Which is why the 50s and 60s were known as horrific economic times, right?

Assuming by "inflation" you just mean an increase in the money supply -
quintupling the money supply since 2009 doesn't seem to have led to the sky
falling.

> The real solution is to simply spend vastly less money accepting that pain
> now is better than letting the US become a failed state.

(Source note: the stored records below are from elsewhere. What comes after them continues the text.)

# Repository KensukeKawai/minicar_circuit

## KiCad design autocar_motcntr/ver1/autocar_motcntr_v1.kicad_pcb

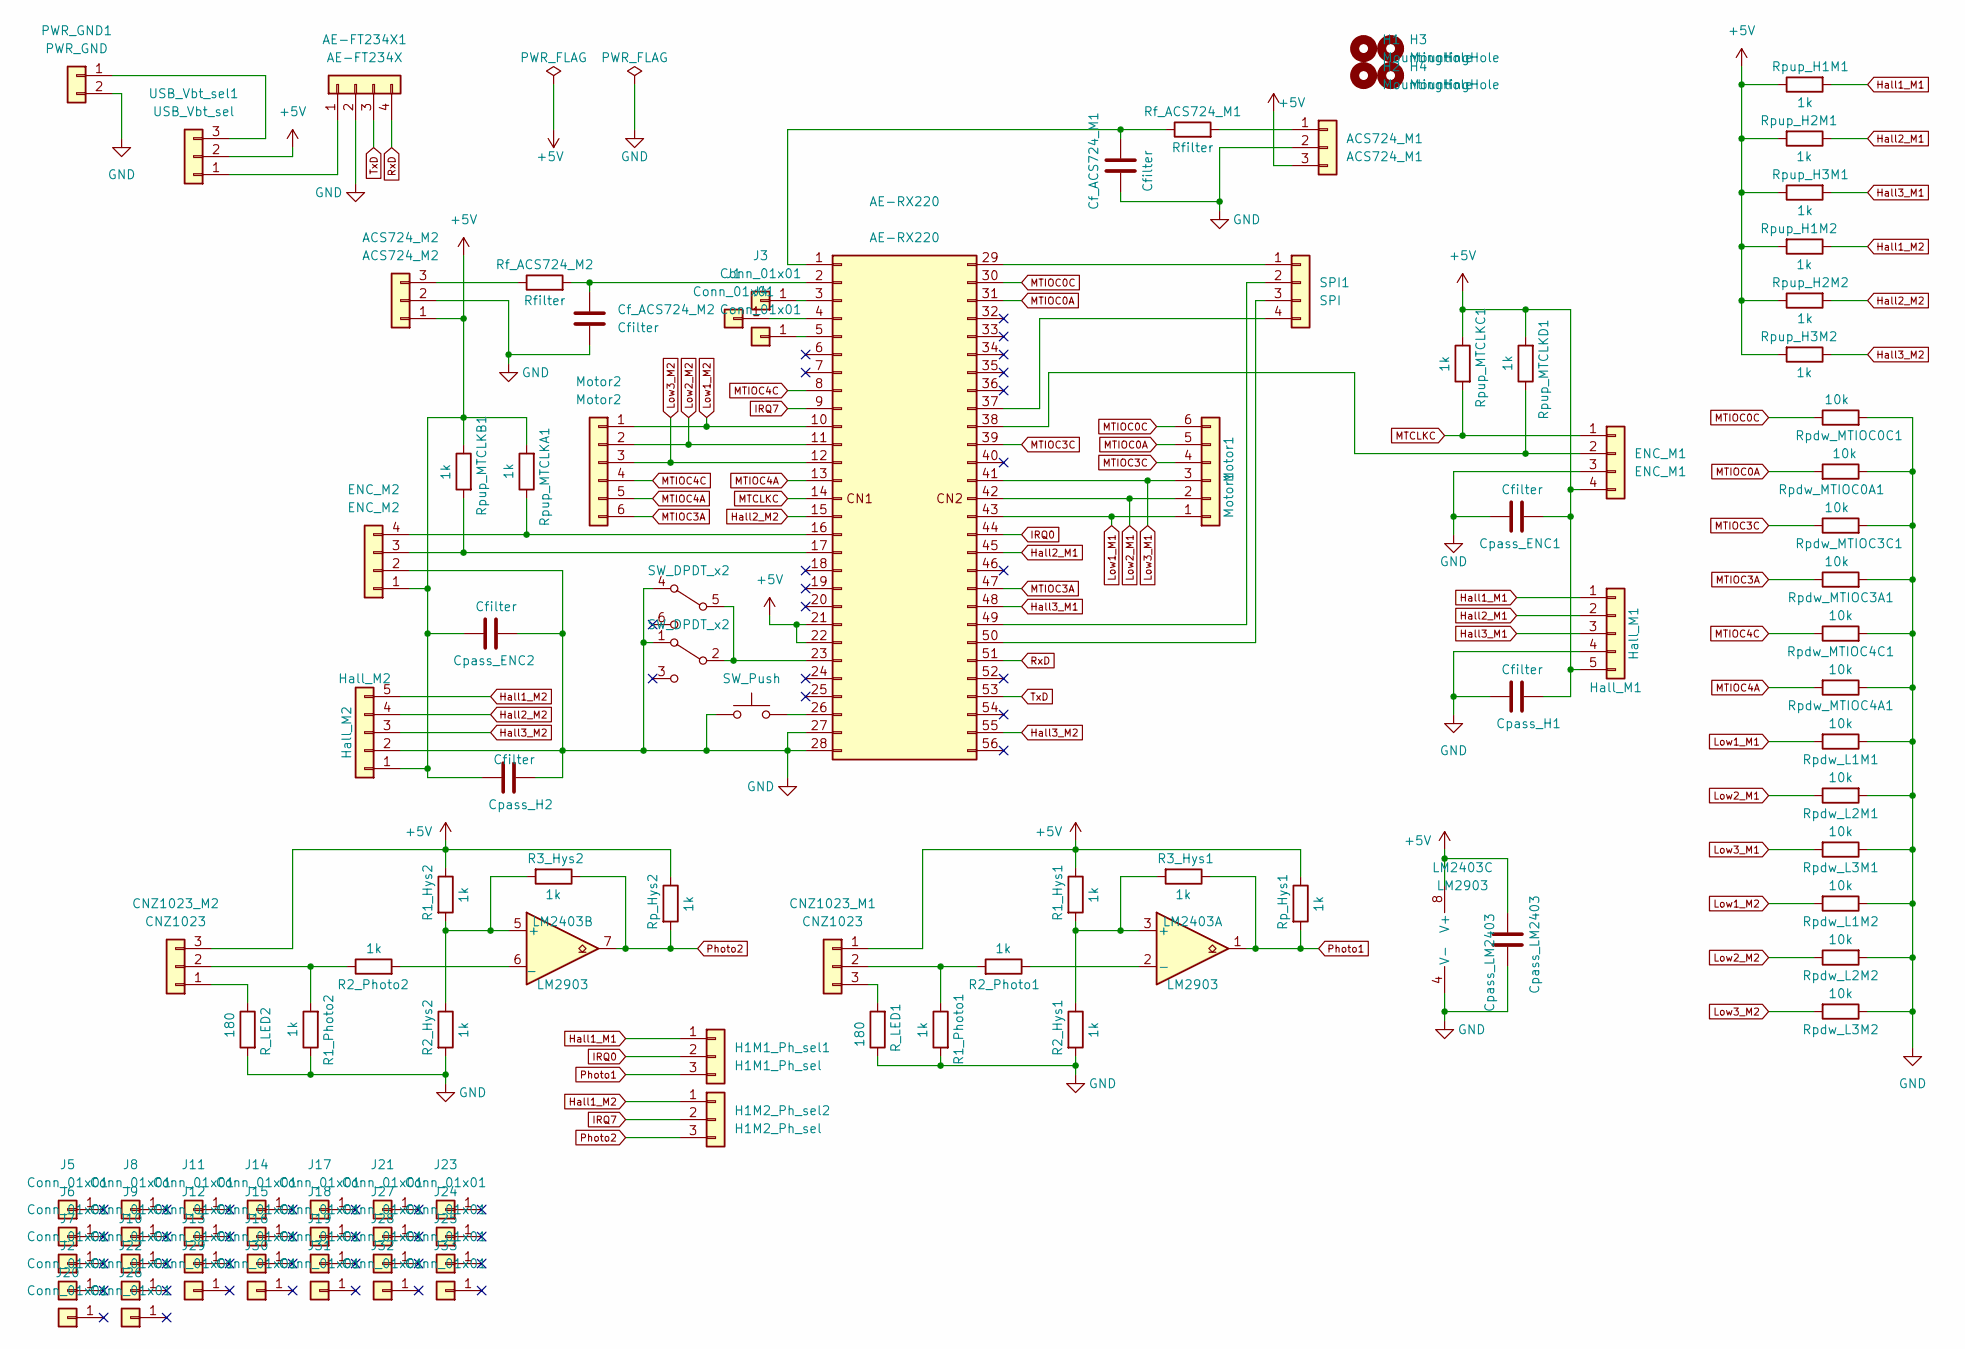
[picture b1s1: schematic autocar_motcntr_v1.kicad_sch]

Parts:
ACS724_M1: ACS724_M1; JST_XH_B3B-XH-A_1x03_P2.50mm_Vertical
ACS724_M2: ACS724_M2; JST_XH_B3B-XH-A_1x03_P2.50mm_Vertical
AE-FT234X1: AE-FT234X
AE-RX220: AE-RX220
CNZ1023_M1, CNZ1023_M2: CNZ1023; JST_XH_B3B-XH-A_1x03_P2.50mm_Vertical
Cf_ACS724_M1, Cf_ACS724_M2: Cfilter; C_Disc_D3.0mm_W2.0mm_P2.50mm
Cpass_ENC1, Cpass_ENC2: Cfilter; C_Disc_D3.0mm_W2.0mm_P2.50mm
Cpass_H1, Cpass_H2: Cfilter; C_Disc_D3.0mm_W2.0mm_P2.50mm
Cpass_LM2403: Cpass_LM2403; C_Disc_D3.0mm_W2.0mm_P2.50mm
ENC_M1: ENC_M1; JST_XH_B4B-XH-A_1x04_P2.50mm_Vertical
ENC_M2: ENC_M2; JST_XH_B4B-XH-A_1x04_P2.50mm_Vertical
H1, H2, H3, H4: MountingHole; MountingHole_3.2mm_M3
H1M1_Ph_sel1: H1M1_Ph_sel; PinHeader_1x03_P2.54mm_Vertical
H1M2_Ph_sel2: H1M2_Ph_sel; PinHeader_1x03_P2.54mm_Vertical
Hall_M1: Hall_M1; JST_XH_B5B-XH-A_1x05_P2.50mm_Vertical
Hall_M2: Hall_M2; JST_XH_B5B-XH-A_1x05_P2.50mm_Vertical
J1, J2, J3, J4, J5, J6, J7, J8, J9, J10, J11, J12, J13, J14, J15, J16, J17, J18, J19, J20, J21, J22, J23, J24, J25, J26, J27, J28, J29, J30, J31, J32, J33: Conn_01x01; TestPoint_THTPad_D1.5mm_Drill0.7mm
LM2403: LM2903; DIP-8_W7.62mm
Motor1: Motor1; JST_XH_B6B-XH-A_1x06_P2.50mm_Vertical
Motor2: Motor2; JST_XH_B6B-XH-A_1x06_P2.50mm_Vertical
PWR_GND1: PWR_GND; TB-111-2
R1_Hys1, R1_Hys2, R1_Photo1, R1_Photo2, R2_Hys1, R2_Hys2, R2_Photo1, R2_Photo2: 1k; R_Axial_DIN0207_L6.3mm_D2.5mm_P2.54mm_Vertical
R3_Hys1, R3_Hys2: 1k; R_Axial_DIN0207_L6.3mm_D2.5mm_P7.62mm_Horizontal
R_LED1, R_LED2: 180; R_Axial_DIN0207_L6.3mm_D2.5mm_P2.54mm_Vertical
Rf_ACS724_M1, Rf_ACS724_M2: Rfilter; R_Axial_DIN0207_L6.3mm_D2.5mm_P2.54mm_Vertical
Rp_Hys1, Rp_Hys2: 1k; R_Axial_DIN0207_L6.3mm_D2.5mm_P2.54mm_Vertical
Rpdw_L1M1, Rpdw_L1M2, Rpdw_L2M1, Rpdw_L2M2, Rpdw_L3M1, Rpdw_L3M2: 10k; R_Axial_DIN0207_L6.3mm_D2.5mm_P2.54mm_Vertical
Rpdw_MTIOC0A1, Rpdw_MTIOC0C1, Rpdw_MTIOC3A1, Rpdw_MTIOC3C1, Rpdw_MTIOC4A1, Rpdw_MTIOC4C1: 10k; R_Axial_DIN0207_L6.3mm_D2.5mm_P2.54mm_Vertical
Rpup_H1M1, Rpup_H1M2, Rpup_H2M1, Rpup_H2M2, Rpup_H3M1, Rpup_H3M2: 1k; R_Axial_DIN0207_L6.3mm_D2.5mm_P2.54mm_Vertical
Rpup_MTCLKA1: 1k; R_Axial_DIN0207_L6.3mm_D2.5mm_P2.54mm_Vertical
Rpup_MTCLKB1: 1k; R_Axial_DIN0207_L6.3mm_D2.5mm_P2.54mm_Vertical
Rpup_MTCLKC1: 1k; R_Axial_DIN0207_L6.3mm_D2.5mm_P2.54mm_Vertical
Rpup_MTCLKD1: 1k; R_Axial_DIN0207_L6.3mm_D2.5mm_P2.54mm_Vertical
SPI1: SPI; JST_XH_B4B-XH-A_1x04_P2.50mm_Vertical
SW1: SW_DPDT_x2; SW_E-Switch_EG1271_DPDT
SW2: SW_Push; SW_Tactile_Straight_KSA0Axx1LFTR
USB_Vbt_sel1: USB_Vbt_sel; PinHeader_1x03_P2.54mm_Vertical

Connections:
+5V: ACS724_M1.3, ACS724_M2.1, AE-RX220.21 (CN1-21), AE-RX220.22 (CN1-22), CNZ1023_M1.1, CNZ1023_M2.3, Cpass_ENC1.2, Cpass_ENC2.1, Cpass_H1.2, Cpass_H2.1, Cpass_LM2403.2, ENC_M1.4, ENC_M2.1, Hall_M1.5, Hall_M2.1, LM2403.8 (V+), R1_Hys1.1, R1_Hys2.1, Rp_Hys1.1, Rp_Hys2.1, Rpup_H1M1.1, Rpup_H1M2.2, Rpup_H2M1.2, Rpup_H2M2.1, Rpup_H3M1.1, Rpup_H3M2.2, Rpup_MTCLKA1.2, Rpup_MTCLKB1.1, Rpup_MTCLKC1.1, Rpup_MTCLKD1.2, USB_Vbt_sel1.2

No, the real solution is to _spend more money now_ , taking advantage of
historically low interest rates that at times have _been negative in real
terms_ , to do whatever you can to kickstart economic growth, and let the debt
inflate away 'naturally'. Preferably you do this by investing in
infrastructure projects, education, and science, and other things that produce
real benefit, but if you want to fill mines with hundred dollar bills and fill
them in so others can mine them out, that's fine too. In this case there is no
pain.

Spending less money now isn't accepting necessary pain, it's causing
unnecessary pain.

The US will not become a failed state because of mild inflation.
Hyperinflation will never be a problem in the US barring a world war or huge
resource or natural catastrophe. People have been preaching the doom-and-gloom
inflation story for probably a century now. Every year, it's just around the
corner.

Well, it isn't. I can only speculate why the story is so popular. I can only
assume that people have been taught to internalize all debt as a moral issue:
less debt is Good, more debt is Bad, and there must therefore be dire
consequences visited upon the guilty nations that don't treat debt as it must
be treated. But the debt of sovereign, money-printing governments bears no
resemblance to the debt of individuals, and there really are no consequences
to a government being in debt _forever_. (Actually there's no consequences to
individuals being in debt forever either - I am in perpetual debt to my credit
card company, and spend the majority of my paycheck on it...but I pay it off
every month.) It would in fact be a _bad_ thing if there were no US bonds to
purchase; you've suddenly eliminated a huge source of safe investment from the
market.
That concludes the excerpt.